The claim of jails being emptied to send criminals to this country is coming from a man who pardoned a whole bunch of insurrectionists, letting them out of jail and back into our communities. Many of whom not just committed crimes against this country, but also had criminal records filled with charges such as rape and domestic violence. An additional irony given that such charges are so often used to assign criminality to entire communities of immigrants. And no, sanctuary policies do not increase crime. In fact, one of Homan’s favorite cities to rail against — my personal center of the universe, Boston — has seen historic reductions in violent crime while maintaining the very immigrant friendly policies that drive Homan out of his head and into apoplectic shouting.

All lies.

And now, in this very moment in time, I am thinking of Trump’s statement that recent immigrants constitute “the largest invasion in the history of our country”. I think of his words as he sends federal agents to invade yet another American city while those city and state leaders tell him absolutely not to. How Trump said that “under Border Czar Harris, our communities are being ravaged by migrant crime” as my eyes take in videos of Border Czar Homan’s federal agents ravaging immigrants and the protestors who try to protect them. Agents who are breaking car windows, tackling protestors, shooting rubber bullets, lobbing tear gas, injuring elders, and throwing women to the ground as their spouses are abducted. Agents who are assaulting immigrants as they enter courthouses and federal offices desperately trying to establish their status in the United States and do so in the “right way”. Agents who are committing assault and battery against the very U.S. citizens Trump claimed he would be keeping safe with his campaign against immigrants.

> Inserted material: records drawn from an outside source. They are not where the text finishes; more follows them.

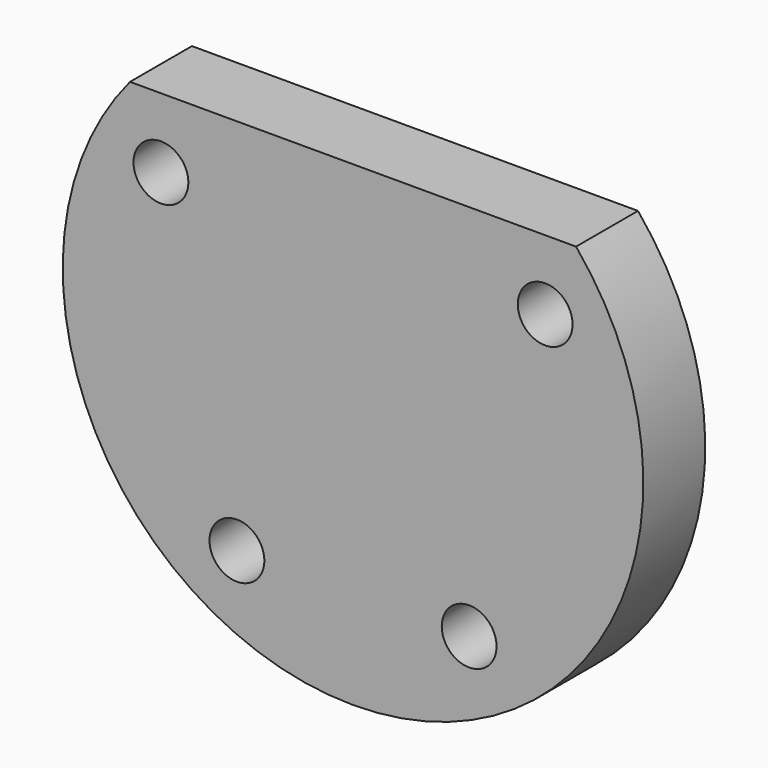
from build123d import *

# Parameters (mm, degrees)
F1_DEPTH = 6.35
F3_D     = 4.4958


with BuildPart() as f1:
    # F0 (on Front) → F1 (new body)
    with BuildSketch(Plane.XZ):
        with BuildLine():
            Line((18.2969275085, 15.24), (-18.2969275085, 15.24))
            ThreePointArc((-18.2969275085, 15.24), (0, -23.8125), (18.2969275085, 15.24))
        make_face()
    extrude(amount=F1_DEPTH)

    # F3 (through all)
    with Locations(Plane.XZ.offset(6.35)):
        with Locations((-15.7602855304, 9.525), (15.7602855304, 9.525), (-9.525, -15.7602855304), (9.525, -15.7602855304)):
            Hole(F3_D / 2)


solid = f1.part
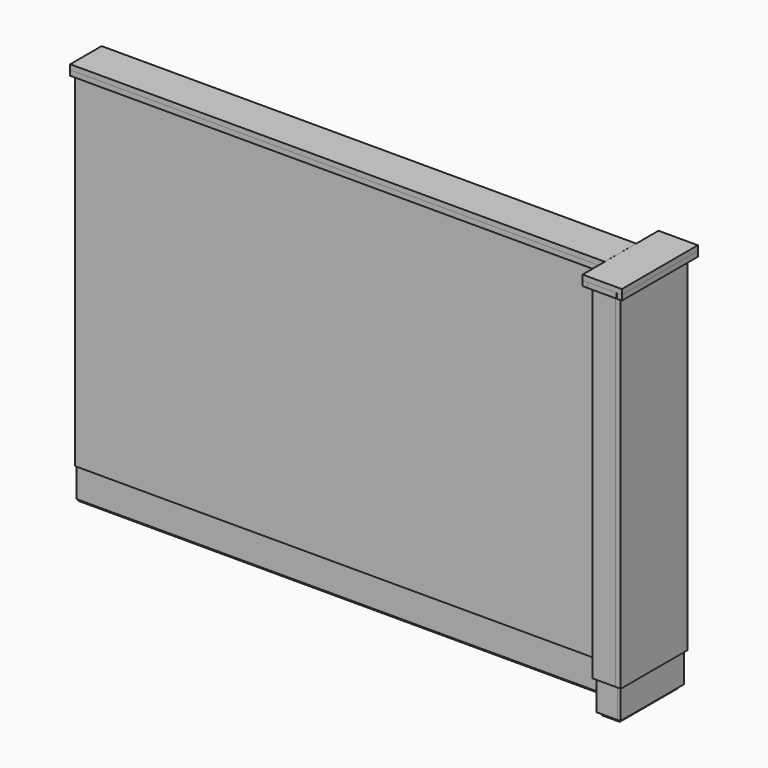
from build123d import *

# Parameters (mm, degrees)
F0_W      = 60
F0_H      = 30
F0_W_2    = 52
F0_H_2    = 22
F1_DEPTH  = 1823
F2_W      = 30
F2_H      = 60
F2_W_2    = 22
F2_H_2    = 52
F3_DEPTH  = 1223
F4_W      = 60
F4_H      = 30
F4_W_2    = 52
F4_H_2    = 22
F5_DEPTH  = 123
F6_W      = 60
F6_H      = 30
F6_W_2    = 52
F6_H_2    = 22
F6_W_3    = 30
F6_H_3    = 60
F6_W_4    = 22
F6_H_4    = 52
F7_DEPTH  = 1223
F9_W      = 1820.4
F9_H      = 1171.7
F10_DEPTH = 17
F11_W     = 1820.4
F11_H     = 100
F12_DEPTH = 10
F16_DEPTH = 1171.7
F18_DEPTH = 100
F19_W     = 17
F19_H     = 73.4
F20_DEPTH = 1173
F21_W     = 10
F21_H     = 7
F21_H_2   = 73.4
F22_DEPTH = 100
F21_H_3   = 80.4
F23_W     = 1787.13
F23_H     = 131.4
F24_DEPTH = 17
F25_W     = 35.7
F25_H     = 60
F26_DEPTH = 17
F28_DEPTH = 17
F30_R     = 15
F31_DEPTH = 10
F32_R     = 7
F33_DEPTH = 30.001
F34_R     = 7
F35_DEPTH = 60
F36_R     = 15
F37_DEPTH = 10
F39_W     = 0.1
F39_H     = 282
F40_DEPTH = 1283.001
F41_W     = 0.1
F41_H     = 337.4
F41_H_2   = 163.9194041491
F41_H_3   = 431.6920638084
F42_DEPTH = 1283.001


# Not quite as in the source:
# - a feature of the source that left no trace in its solid (it failed there, or was rolled back) is left out


with BuildPart() as f1:
    # F0 (on Right) → F1 (new body)
    with BuildSketch(Plane.YZ):
        with Locations((0, 15)):
            Rectangle(F0_W, F0_H)
        with Locations((0, 15)):
            Rectangle(F0_W_2, F0_H_2, mode=Mode.SUBTRACT)
    extrude(amount=F1_DEPTH)



with BuildPart() as f1b:
    # F0 (on Right) → F1, piece 2 (new body)
    with BuildSketch(Plane.YZ):
        with Locations((0, 1268)):
            Rectangle(F0_W, F0_H)
        with Locations((0, 1268)):
            Rectangle(F0_W_2, F0_H_2, mode=Mode.SUBTRACT)
    extrude(amount=F1_DEPTH)


with BuildPart() as f1_1:
    add(f1.part)

    add(f1b.part)  # F3 merges F1b
    # F2 (on face) → F3 (join, through all)
    with BuildSketch(Plane.XY.offset(30)):
        with Locations((15, 0)):
            Rectangle(F2_W, F2_H)
        with Locations((15, 0)):
            Rectangle(F2_W_2, F2_H_2, mode=Mode.SUBTRACT)
    extrude(amount=F3_DEPTH)

    # F4 (on Front) → F5 (join, symmetric)
    with BuildSketch(Plane.XZ):
        with Locations((1853, 1268)):
            Rectangle(F4_W, F4_H)
        with Locations((1853, 1268)):
            Rectangle(F4_W_2, F4_H_2, mode=Mode.SUBTRACT)
        with Locations((1853, 15)):
            Rectangle(F4_W, F4_H)
        with Locations((1853, 15)):
            Rectangle(F4_W_2, F4_H_2, mode=Mode.SUBTRACT)
    extrude(amount=F5_DEPTH, both=True)

    # F6 (on face) → F7 (join, through all)
    with BuildSketch(Plane.XY.offset(30)):
        with Locations((1853, 108)):
            Rectangle(F6_W, F6_H)
        with Locations((1853, 108)):
            Rectangle(F6_W_2, F6_H_2, mode=Mode.SUBTRACT)
        with Locations((1853, -108)):
            Rectangle(F6_W, F6_H)
        with Locations((1853, -108)):
            Rectangle(F6_W_2, F6_H_2, mode=Mode.SUBTRACT)
        with Locations((1868, 0)):
            Rectangle(F6_W_3, F6_H_3)
        with Locations((1868, 0)):
            Rectangle(F6_W_4, F6_H_4, mode=Mode.SUBTRACT)
        with Locations((1250.3333333333, 0)):
            Rectangle(F6_W_3, F6_H_3)
        with Locations((1250.3333333333, 0)):
            Rectangle(F6_W_4, F6_H_4, mode=Mode.SUBTRACT)
        with Locations((632.6666666667, 0)):
            Rectangle(F6_W_3, F6_H_3)
        with Locations((632.6666666667, 0)):
            Rectangle(F6_W_4, F6_H_4, mode=Mode.SUBTRACT)
    extrude(amount=F7_DEPTH)

    # F29: union 

    # F30 (on face) → F31 (cut)
    with BuildSketch(Plane.XY.offset(30)):
        with Locations((1853, 63)):
            Circle(F30_R)
        with Locations((1853, -63)):
            Circle(F30_R)
        with Locations((180, 0)):
            Circle(F30_R)
        with Locations((467.6666666667, 0)):
            Circle(F30_R)
        with Locations((797.6666666667, 0)):
            Circle(F30_R)
        with Locations((1085.3333333333, 0)):
            Circle(F30_R)
        with Locations((1415.3333333333, 0)):
            Circle(F30_R)
        with Locations((1673, 0)):
            Circle(F30_R)
    extrude(amount=-F31_DEPTH, mode=Mode.SUBTRACT)

    # F32 (on face) → F33 (cut, through all)
    with BuildSketch(Plane.XY.offset(30)):
        with Locations((180, 0)):
            Circle(F32_R)
        with Locations((467.6666666667, 0)):
            Circle(F32_R)
        with Locations((797.6666666667, 0)):
            Circle(F32_R)
        with Locations((1085.3333333333, 0)):
            Circle(F32_R)
        with Locations((1415.3333333333, 0)):
            Circle(F32_R)
        with Locations((1673, 0)):
            Circle(F32_R)
        with Locations((1853, 63)):
            Circle(F32_R)
        with Locations((1853, -63)):
            Circle(F32_R)
    extrude(amount=-F33_DEPTH, mode=Mode.SUBTRACT)

    # F34 (on face) → F35 (cut)
    with BuildSketch(Plane(origin=(0, 0, 0), x_dir=(0, -1, 0), z_dir=(-1, 0, 0))):
        with Locations((0, 126)):
            Circle(F34_R)
        with Locations((0, 446)):
            Circle(F34_R)
        with Locations((0, 766)):
            Circle(F34_R)
        with Locations((0, 1086)):
            Circle(F34_R)
        with Locations((0, 1406)):
            Circle(F34_R)
    extrude(amount=-F35_DEPTH, mode=Mode.SUBTRACT)

    # F36 (on face) → F37 (cut)
    with BuildSketch(Plane.YZ.offset(30)):
        with Locations((0, 126)):
            Circle(F36_R)
        with Locations((0, 1086)):
            Circle(F36_R)
        with Locations((0, 766)):
            Circle(F36_R)
        with Locations((0, 446)):
            Circle(F36_R)
    extrude(amount=-F37_DEPTH, mode=Mode.SUBTRACT)


with BuildPart() as f10:
    # F9 (on offset) → F10 (new body)
    with BuildSketch(Plane.XZ.offset(30)):
        with Locations((911.5, 695.85)):
            Rectangle(F9_W, F9_H)
    extrude(amount=F10_DEPTH)


with BuildPart() as f12:
    # F11 (on offset) → F12 (new body)
    with BuildSketch(Plane.XZ.offset(30)):
        with Locations((911.5, 60)):
            Rectangle(F11_W, F11_H)
    extrude(amount=F12_DEPTH)


with BuildPart() as f13_1:
    # F13: instance of F10
    add(f10.part.mirror(Plane.XZ))


with BuildPart() as f13_2:
    # F13: instance of F12
    add(f12.part.mirror(Plane.XZ))


with BuildPart() as f16:
    # F15 (on offset) → F16 (new body, through all)
    with BuildSketch(Plane.XY.offset(1281.7)):
        Polygon((1900, -140), (1900, 140), (1883, 140), (1806, 140), (1806, 123), (1883, 123), (1883, -123), (1806, -123), (1806, -140), (1883, -140), align=None)
    extrude(amount=-F16_DEPTH)


with BuildPart() as f18:
    # F17 (on face) → F18 (new body, through all)
    with BuildSketch(Plane(origin=(0, 0, 110), x_dir=(1, 0, 0), z_dir=(0, 0, -1))):
        Polygon((1883, -123), (1813, -123), (1813, -133), (1893, -133), (1893, 133), (1813, 133), (1813, 123), (1883, 123), align=None)
    extrude(amount=F18_DEPTH)


with BuildPart() as f20:
    # F19 (on face) → F20 (new body, through all)
    with BuildSketch(Plane.XY.offset(1283)):
        with Locations((1814.5, -85)):
            Rectangle(F19_W, F19_H)
    extrude(amount=-F20_DEPTH)


with BuildPart() as f20b:
    # F19 (on face) → F20, piece 2 (new body, through all)
    with BuildSketch(Plane.XY.offset(1283)):
        with Locations((1814.5, 85)):
            Rectangle(F19_W, F19_H)
    extrude(amount=-F20_DEPTH)


with BuildPart() as f22:
    # F21 (on face) → F22 (new body, through all)
    with BuildSketch(Plane(origin=(0, 0, 110), x_dir=(1, 0, 0), z_dir=(0, 0, -1))):
        with Locations((1818, -44.8)):
            Rectangle(F21_W, F21_H)
        with Locations((1818, -85)):
            Rectangle(F21_W, F21_H_2)
    extrude(amount=F22_DEPTH)


with BuildPart() as f22b:
    # F21 (on face) → F22, piece 2 (new body, through all)
    with BuildSketch(Plane(origin=(0, 0, 110), x_dir=(1, 0, 0), z_dir=(0, 0, -1))):
        with Locations((1818, 81.5)):
            Rectangle(F21_W, F21_H_3)
    extrude(amount=F22_DEPTH)


with BuildPart() as f24:
    # F23 (on face) → F24 (new body)
    with BuildSketch(Plane.XY.offset(1283)):
        with Locations((893.565, 0)):
            Rectangle(F23_W, F23_H)
    extrude(amount=F24_DEPTH)


with BuildPart() as f26:
    # F25 (on face) → F26 (new body)
    with BuildSketch(Plane.XY.offset(1283)):
        Polygon((1918.7, 158.7), (1787.3, 158.7), (1787.3, 30), (1823, 30), (1823, 123), (1883, 123), (1883, -123), (1823, -123), (1823, -30), (1787.3, -30), (1787.3, -158.7), (1918.7, -158.7), align=None)
        with Locations((1805.15, 0)):
            Rectangle(F25_W, F25_H)
        Polygon((1823, 123), (1823, 30), (1823, -30), (1823, -123), (1883, -123), (1883, 123), align=None)
    extrude(amount=F26_DEPTH)


with BuildPart() as f28:
    # F27 (on face) → F28 (new body)
    with BuildSketch(Plane(origin=(0, 0, 1283), x_dir=(1, 0, 0), z_dir=(0, 0, -1))):
        Polygon((0, -48.7), (0, -65.7), (1787.3, -65.7), (1804.3, -65.7), (1804.3, -48.7), align=None)
        Polygon((1804.3, -65.7), (1787.3, -65.7), (1787.3, -158.7), (1804.3, -158.7), (1804.3, -141.7), align=None)
        Polygon((1901.7, -141.7), (1804.3, -141.7), (1804.3, -158.7), (1918.7, -158.7), (1918.7, -141.7), (1918.7, 141.7), (1918.7, 158.7), (1804.3, 158.7), (1804.3, 141.7), (1901.7, 141.7), align=None)
        Polygon((1804.3, 65.7), (1804.3, 141.7), (1804.3, 158.7), (1787.3, 158.7), (1787.3, 65.7), align=None)
        Polygon((1804.3, 48.7), (1804.3, 65.7), (1787.3, 65.7), (0, 65.7), (0, 48.7), align=None)
    extrude(amount=F28_DEPTH)

    # F41 (on offset) → F42 (cut, through all)
    with BuildSketch(Plane.XY.offset(1283)):
        with Locations((1901.65, 0)):
            Rectangle(F41_W, F41_H)
        with Locations((1787.25, 3.0303150415)):
            Rectangle(F41_W, F41_H_2)
        with Locations((1804.25, 10.9124034643)):
            Rectangle(F41_W, F41_H_3)
    extrude(amount=-F42_DEPTH, mode=Mode.SUBTRACT)


with BuildPart() as f40_tool:
    # F39 (on offset) → F40 (new body, through all)
    with BuildSketch(Plane.XY.offset(1283)):
        with Locations((1882.95, 0)):
            Rectangle(F39_W, F39_H)
    extrude(amount=-F40_DEPTH)


with BuildPart() as f16_1:
    add(f16.part)

    # F40: cut by f40_tool
    add(f40_tool.part, mode=Mode.SUBTRACT)


with BuildPart() as f18_1:
    add(f18.part)

    # F40: cut by f40_tool
    add(f40_tool.part, mode=Mode.SUBTRACT)


solid = Compound([f1_1.part, f10.part, f12.part, f13_1.part, f13_2.part, f20.part, f20b.part, f22.part, f22b.part, f24.part, f26.part, f28.part, f16_1.part, f18_1.part])

The Trump administration is perpetrating an unfathomable amount of violence against immigrants. And let’s not lose sight of the fact that he is also perpetrating violence against U.S. citizens in his efforts to terrorize immigrants — in spite of the fact he told us he needed to do this to keep us safe from immigrant violence.

You know what abusers do? They hurt you and then tell you that it for your own good. That it was your fault.

And just like an abuser, all of those messages are lies.

* * * * *

For this post, I relied heavily on a piece from the Marshall Project that fact checked over 12,000 quotes from Donald Trump on immigration. The piece notes research on how the more someone hears a message the more likely they are to believe it, even when those messages are abject lies. Trump has flooded this country with lies. Lies that helped him win an election, and lies that continue to fuel the violence he himself is perpetrating against the American people.

So where does this leave us? It means that we are the ones who have to tell the truth.

As I approach Yom Kippur and think of the year that has passed and the one ahead, I recommit myself to the work of peace. And peace will never come unless we tell the truth about what actually makes people safer and communities stronger. We have to flood this country with real data that tells the real story of what safety looks like. We have to fill our social media feeds and opinion pages and dinner tables — and substack! — with facts about what does keep us safe. We have to push back on the lies with a vision of the world we want to create built on a foundation of facts.

Flood the country not with shock and awe but with community and care. Not with accusations but with invitations. And not with lies, but with information and data that paves a path to safety for every resident of this country. That affirms a right to safety that is not predicated on the documents people possess, but simply because every person should feel safe in this world. And in this country.

Their humanity depends on it, and ours does too.